By Stephanie Zeller-Iliff, DDS
I read an article last week titled “Why Your Dentist Costs So Much”… and I thought I’d write a quick blog from a dentist’s point of view as to why it’s so expensive to get dental treatment. I agreed with many of the points I found in the article, so I borrowed their basic titles.
1. Dental Care is Not a Commodity
Dentistry is not like buying socks or going to the grocery store. It’s a highly technical profession integrating art and science. Dental school for students is a four-year program, post-undergraduate. This is the same amount of time it takes a medical student to receive an MD. In addition to that, the price one pays to go to dental school has become astronomical, especially considering that few if any students have time to work while in school, so the loans they accrue must include their price of living. Depending on what city they’re in, this can add a substantial amount to their overall price to become a dentist. It takes many dentists 30 years to pay off all their loans!! It’s a high price to pay to become a dentist.

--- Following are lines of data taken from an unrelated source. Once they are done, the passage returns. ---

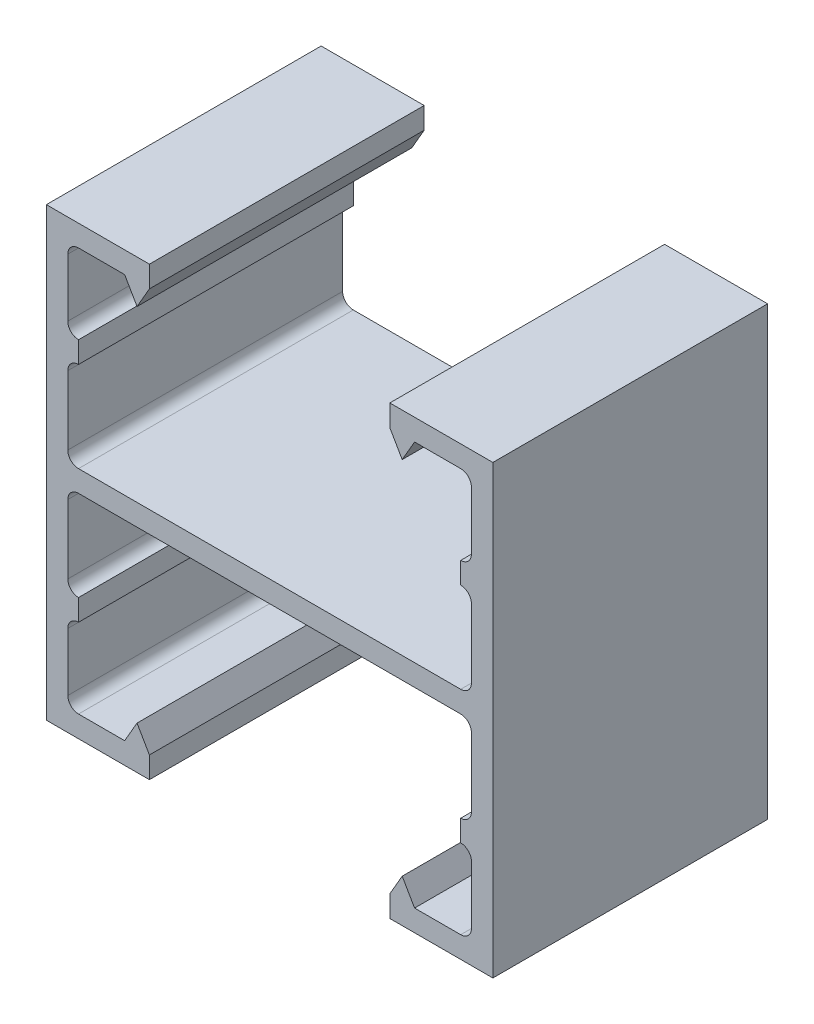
ISO-10303-21;
HEADER;
FILE_DESCRIPTION(('STEP AP214'),'2;1');
FILE_NAME('part.step','',(''),(''),'','','');
FILE_SCHEMA(('AUTOMOTIVE_DESIGN { 1 0 10303 214 1 1 1 1 }'));
ENDSEC;
DATA;
#1=APPLICATION_CONTEXT('core data for automotive mechanical design processes');
#2=APPLICATION_PROTOCOL_DEFINITION('international standard','automotive_design',2000,#1);
#3=PRODUCT_CONTEXT('',#1,'mechanical');
#4=PRODUCT('Part','Part','',(#3));
#5=PRODUCT_RELATED_PRODUCT_CATEGORY('part','',(#4));
#6=PRODUCT_DEFINITION_FORMATION('','',#4);
#7=PRODUCT_DEFINITION_CONTEXT('part definition',#1,'design');
#8=PRODUCT_DEFINITION('design','',#6,#7);
#9=PRODUCT_DEFINITION_SHAPE('','',#8);
#10=(LENGTH_UNIT() NAMED_UNIT(*) SI_UNIT(.MILLI.,.METRE.));
#11=(NAMED_UNIT(*) PLANE_ANGLE_UNIT() SI_UNIT($,.RADIAN.));
#12=(NAMED_UNIT(*) SI_UNIT($,.STERADIAN.) SOLID_ANGLE_UNIT());
#13=UNCERTAINTY_MEASURE_WITH_UNIT(LENGTH_MEASURE(1.E-05),#10,'distance_accuracy_value','');
#14=(GEOMETRIC_REPRESENTATION_CONTEXT(3) GLOBAL_UNCERTAINTY_ASSIGNED_CONTEXT((#13)) GLOBAL_UNIT_ASSIGNED_CONTEXT((#10,
#11,#12)) REPRESENTATION_CONTEXT('',''));
#15=CARTESIAN_POINT('',(0.,0.,0.));
#16=DIRECTION('',(0.,0.,1.));
#17=DIRECTION('',(1.,0.,0.));
#18=AXIS2_PLACEMENT_3D('',#15,#16,#17);
#19=CARTESIAN_POINT('',(-17.6657,1.9812,12.7));
#20=DIRECTION('',(0.,0.,-1.));
#21=DIRECTION('',(-1.,0.,0.));
#22=AXIS2_PLACEMENT_3D('',#19,#20,#21);
#23=CYLINDRICAL_SURFACE('',#22,0.990600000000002);
#24=CARTESIAN_POINT('',(-17.6657,1.9812,-12.7));
#25=DIRECTION('',(0.,0.,-1.));
#26=DIRECTION('',(1.,0.,0.));
#27=AXIS2_PLACEMENT_3D('',#24,#25,#26);
#28=CIRCLE('',#27,0.990600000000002);
#29=CARTESIAN_POINT('',(-17.6657,0.990599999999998,-12.7));
#30=VERTEX_POINT('',#29);
#31=CARTESIAN_POINT('',(-18.6563,1.9812,-12.7));
#32=VERTEX_POINT('',#31);
#33=EDGE_CURVE('E383',#30,#32,#28,.T.);
#34=ORIENTED_EDGE('',*,*,#33,.T.);
#35=DIRECTION('',(0.,0.,-1.));
#36=VECTOR('',#35,1.);
#37=CARTESIAN_POINT('',(-18.6563,1.9812,12.7));
#38=LINE('',#37,#36);
#39=CARTESIAN_POINT('',(-18.6563,1.9812,12.7));
#40=VERTEX_POINT('',#39);
#41=EDGE_CURVE('E365',#40,#32,#38,.T.);
#42=ORIENTED_EDGE('',*,*,#41,.F.);
#43=CARTESIAN_POINT('',(-17.6657,1.9812,12.7));
#44=DIRECTION('',(0.,0.,-1.));
#45=DIRECTION('',(1.,0.,0.));
#46=AXIS2_PLACEMENT_3D('',#43,#44,#45);
#47=CIRCLE('',#46,0.990600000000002);
#48=CARTESIAN_POINT('',(-17.6657,0.990599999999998,12.7));
#49=VERTEX_POINT('',#48);
#50=EDGE_CURVE('E371',#49,#40,#47,.T.);
#51=ORIENTED_EDGE('',*,*,#50,.F.);
#52=DIRECTION('',(0.,0.,-1.));
#53=VECTOR('',#52,1.);
#54=CARTESIAN_POINT('',(-17.6657,0.990599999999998,12.7));
#55=LINE('',#54,#53);
#56=EDGE_CURVE('E621',#49,#30,#55,.T.);
#57=ORIENTED_EDGE('',*,*,#56,.T.);
#58=EDGE_LOOP('',(#34,#42,#51,#57));
#59=FACE_BOUND('',#58,.T.);
#60=ADVANCED_FACE('F33',(#59),#23,.F.);
#61=CARTESIAN_POINT('',(-18.6563,9.32814999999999,12.7));
#62=DIRECTION('',(-1.,0.,0.));
#63=DIRECTION('',(0.,0.,1.));
#64=AXIS2_PLACEMENT_3D('',#61,#62,#63);
#65=PLANE('',#64);
#66=DIRECTION('',(0.,1.,0.));
#67=VECTOR('',#66,1.);
#68=CARTESIAN_POINT('',(-18.6563,9.32814999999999,-12.7));
#69=LINE('',#68,#67);
#70=CARTESIAN_POINT('',(-18.6563,8.33754999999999,-12.7));
#71=VERTEX_POINT('',#70);
#72=EDGE_CURVE('E535',#32,#71,#69,.T.);
#73=ORIENTED_EDGE('',*,*,#72,.T.);
#74=DIRECTION('',(0.,0.,-1.));
#75=VECTOR('',#74,1.);
#76=CARTESIAN_POINT('',(-18.6563,8.33754999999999,12.7));
#77=LINE('',#76,#75);
#78=CARTESIAN_POINT('',(-18.6563,8.33754999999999,12.7));
#79=VERTEX_POINT('',#78);
#80=EDGE_CURVE('E368',#71,#79,#77,.F.);
#81=ORIENTED_EDGE('',*,*,#80,.T.);
#82=DIRECTION('',(0.,1.,0.));
#83=VECTOR('',#82,1.);
#84=CARTESIAN_POINT('',(-18.6563,9.32814999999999,12.7));
#85=LINE('',#84,#83);
#86=EDGE_CURVE('E360',#40,#79,#85,.T.);
#87=ORIENTED_EDGE('',*,*,#86,.F.);
#88=ORIENTED_EDGE('',*,*,#41,.T.);
#89=EDGE_LOOP('',(#73,#81,#87,#88));
#90=FACE_BOUND('',#89,.T.);
#91=ADVANCED_FACE('F363',(#90),#65,.F.);
#92=CARTESIAN_POINT('',(-17.6657,11.30935,12.7));
#93=DIRECTION('',(-1.,0.,0.));
#94=DIRECTION('',(0.,0.,1.));
#95=AXIS2_PLACEMENT_3D('',#92,#93,#94);
#96=PLANE('',#95);
#97=DIRECTION('',(0.,1.,0.));
#98=VECTOR('',#97,1.);
#99=CARTESIAN_POINT('',(-17.6657,11.30935,-12.7));
#100=LINE('',#99,#98);
#101=CARTESIAN_POINT('',(-17.6657,9.32814999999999,-12.7));
#102=VERTEX_POINT('',#101);
#103=CARTESIAN_POINT('',(-17.6657,11.30935,-12.7));
#104=VERTEX_POINT('',#103);
#105=EDGE_CURVE('E533',#102,#104,#100,.T.);
#106=ORIENTED_EDGE('',*,*,#105,.T.);
#107=DIRECTION('',(0.,0.,-1.));
#108=VECTOR('',#107,1.);
#109=CARTESIAN_POINT('',(-17.6657,11.30935,12.7));
#110=LINE('',#109,#108);
#111=CARTESIAN_POINT('',(-17.6657,11.30935,12.7));
#112=VERTEX_POINT('',#111);
#113=EDGE_CURVE('E390',#112,#104,#110,.T.);
#114=ORIENTED_EDGE('',*,*,#113,.F.);
#115=DIRECTION('',(0.,1.,0.));
#116=VECTOR('',#115,1.);
#117=CARTESIAN_POINT('',(-17.6657,11.30935,12.7));
#118=LINE('',#117,#116);
#119=CARTESIAN_POINT('',(-17.6657,9.32814999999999,12.7));
#120=VERTEX_POINT('',#119);
#121=EDGE_CURVE('E370',#120,#112,#118,.T.);
#122=ORIENTED_EDGE('',*,*,#121,.F.);
#123=DIRECTION('',(0.,0.,-1.));
#124=VECTOR('',#123,1.);
#125=CARTESIAN_POINT('',(-17.6657,9.32814999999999,12.7));
#126=LINE('',#125,#124);
#127=EDGE_CURVE('E385',#120,#102,#126,.T.);
#128=ORIENTED_EDGE('',*,*,#127,.T.);
#129=EDGE_LOOP('',(#106,#114,#122,#128));
#130=FACE_BOUND('',#129,.T.);
#131=ADVANCED_FACE('F530',(#130),#96,.F.);
#132=CARTESIAN_POINT('',(-18.6563,17.6657,12.7));
#133=DIRECTION('',(-1.,0.,0.));
#134=DIRECTION('',(0.,-1.,0.));
#135=AXIS2_PLACEMENT_3D('',#132,#133,#134);
#136=PLANE('',#135);
#137=DIRECTION('',(0.,1.,0.));
#138=VECTOR('',#137,1.);
#139=CARTESIAN_POINT('',(-18.6563,17.6657,12.7));
#140=LINE('',#139,#138);
#141=CARTESIAN_POINT('',(-18.6563,12.29995,12.7));
#142=VERTEX_POINT('',#141);
#143=CARTESIAN_POINT('',(-18.6563,17.6657,12.7));
#144=VERTEX_POINT('',#143);
#145=EDGE_CURVE('E738',#142,#144,#140,.T.);
#146=ORIENTED_EDGE('',*,*,#145,.F.);
#147=DIRECTION('',(0.,0.,-1.));
#148=VECTOR('',#147,1.);
#149=CARTESIAN_POINT('',(-18.6563,12.29995,-12.7));
#150=LINE('',#149,#148);
#151=CARTESIAN_POINT('',(-18.6563,12.29995,-12.7));
#152=VERTEX_POINT('',#151);
#153=EDGE_CURVE('E395',#142,#152,#150,.T.);
#154=ORIENTED_EDGE('',*,*,#153,.T.);
#155=DIRECTION('',(0.,1.,0.));
#156=VECTOR('',#155,1.);
#157=CARTESIAN_POINT('',(-18.6563,17.6657,-12.7));
#158=LINE('',#157,#156);
#159=CARTESIAN_POINT('',(-18.6563,17.6657,-12.7));
#160=VERTEX_POINT('',#159);
#161=EDGE_CURVE('E534',#152,#160,#158,.T.);
#162=ORIENTED_EDGE('',*,*,#161,.T.);
#163=DIRECTION('',(0.,0.,-1.));
#164=VECTOR('',#163,1.);
#165=CARTESIAN_POINT('',(-18.6563,17.6657,12.7));
#166=LINE('',#165,#164);
#167=EDGE_CURVE('E519',#144,#160,#166,.T.);
#168=ORIENTED_EDGE('',*,*,#167,.F.);
#169=EDGE_LOOP('',(#146,#154,#162,#168));
#170=FACE_BOUND('',#169,.T.);
#171=ADVANCED_FACE('F1023',(#170),#136,.F.);
#172=CARTESIAN_POINT('',(-17.6657,17.6657,12.7));
#173=DIRECTION('',(0.,0.,-1.));
#174=DIRECTION('',(-1.,0.,0.));
#175=AXIS2_PLACEMENT_3D('',#172,#173,#174);
#176=CYLINDRICAL_SURFACE('',#175,0.990600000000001);
#177=CARTESIAN_POINT('',(-17.6657,17.6657,-12.7));
#178=DIRECTION('',(0.,0.,-1.));
#179=DIRECTION('',(1.,0.,0.));
#180=AXIS2_PLACEMENT_3D('',#177,#178,#179);
#181=CIRCLE('',#180,0.990600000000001);
#182=CARTESIAN_POINT('',(-17.6657,18.6563,-12.7));
#183=VERTEX_POINT('',#182);
#184=EDGE_CURVE('E537',#160,#183,#181,.T.);
#185=ORIENTED_EDGE('',*,*,#184,.T.);
#186=DIRECTION('',(0.,0.,-1.));
#187=VECTOR('',#186,1.);
#188=CARTESIAN_POINT('',(-17.6657,18.6563,12.7));
#189=LINE('',#188,#187);
#190=CARTESIAN_POINT('',(-17.6657,18.6563,12.7));
#191=VERTEX_POINT('',#190);
#192=EDGE_CURVE('E516',#191,#183,#189,.T.);
#193=ORIENTED_EDGE('',*,*,#192,.F.);
#194=CARTESIAN_POINT('',(-17.6657,17.6657,12.7));
#195=DIRECTION('',(0.,0.,-1.));
#196=DIRECTION('',(1.,0.,0.));
#197=AXIS2_PLACEMENT_3D('',#194,#195,#196);
#198=CIRCLE('',#197,0.990600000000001);
#199=EDGE_CURVE('E740',#144,#191,#198,.T.);
#200=ORIENTED_EDGE('',*,*,#199,.F.);
#201=ORIENTED_EDGE('',*,*,#167,.T.);
#202=EDGE_LOOP('',(#185,#193,#200,#201));
#203=FACE_BOUND('',#202,.T.);
#204=ADVANCED_FACE('F1031',(#203),#176,.F.);
#205=CARTESIAN_POINT('',(-13.400192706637,18.6563,12.7));
#206=DIRECTION('',(0.,1.,0.));
#207=DIRECTION('',(-1.,0.,0.));
#208=AXIS2_PLACEMENT_3D('',#205,#206,#207);
#209=PLANE('',#208);
#210=DIRECTION('',(1.,0.,0.));
#211=VECTOR('',#210,1.);
#212=CARTESIAN_POINT('',(-13.400192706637,18.6563,-12.7));
#213=LINE('',#212,#211);
#214=CARTESIAN_POINT('',(-13.400192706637,18.6563,-12.7));
#215=VERTEX_POINT('',#214);
#216=EDGE_CURVE('E543',#183,#215,#213,.T.);
#217=ORIENTED_EDGE('',*,*,#216,.T.);
#218=DIRECTION('',(0.,0.,-1.));
#219=VECTOR('',#218,1.);
#220=CARTESIAN_POINT('',(-13.400192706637,18.6563,12.7));
#221=LINE('',#220,#219);
#222=CARTESIAN_POINT('',(-13.400192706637,18.6563,12.7));
#223=VERTEX_POINT('',#222);
#224=EDGE_CURVE('E513',#223,#215,#221,.T.);
#225=ORIENTED_EDGE('',*,*,#224,.F.);
#226=DIRECTION('',(1.,0.,0.));
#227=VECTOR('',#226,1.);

2. Overhead Costs Are Huge
On average, anywhere from 55%-80% of what a patient pays goes towards the expense of what it costs to run a modern dental office. The materials, instruments, rent or mortgage, computers, machines, costs for licenses, insurance, payroll for hygienists, assistants, office managers, receptionists; it all adds up very quickly. Many people would be shocked at the cost it takes to run a practice and at the very small margin of profit that dentist’s benefit from. And then consider all that, plus loans!
3. Lab Fees
On top of the overhead, dentists have to pay lab fees to a lab for the fabrication of many fixed and removable dental appliances. This includes fees for crowns, dentures, partials, night guards, etc. While some dental labs may offer cheap prices for crown fabrication, this does not mean that the crown is of high quality. And while fees may vary based on regional location, they’re never “cheap”. For instance, a fee for a crown from a lab can cost the dentist up to $500.
4. Dental Insurance is Much Different from Medical Insurance
Most dental insurance companies tend to just be a maintenance plan, covering the cost of exams, x-rays, and cleanings but requiring the patient to pay 20-50% of any restorative work like fillings or crowns. In addition to that, most people’s maximum annual benefit is around $1000, meaning once the patient has had enough work to reach that maximum, the patient is required to pay 100% of the remaining work to be done. Most people expect their dental insurance coverage to be much better than what it is, or to be similar to their medical coverage. I’ve seen many patients shocked and even angry at their insurance when they realize that they will have to pay a substantial amount to get all the work they need done.
Side note: Most dentists do what they do because they love it. And we want you to care about your teeth. Your teeth are not only a significant part of your appearance but also your health. Studies are released everyday linking severe gum and bone disease such as periodontitis to other health problems like heart disease. If you have an active infection in your mouth, it’s important to get it treated. Bottom line? Find a dentist you can trust, and one that cares for your overall health.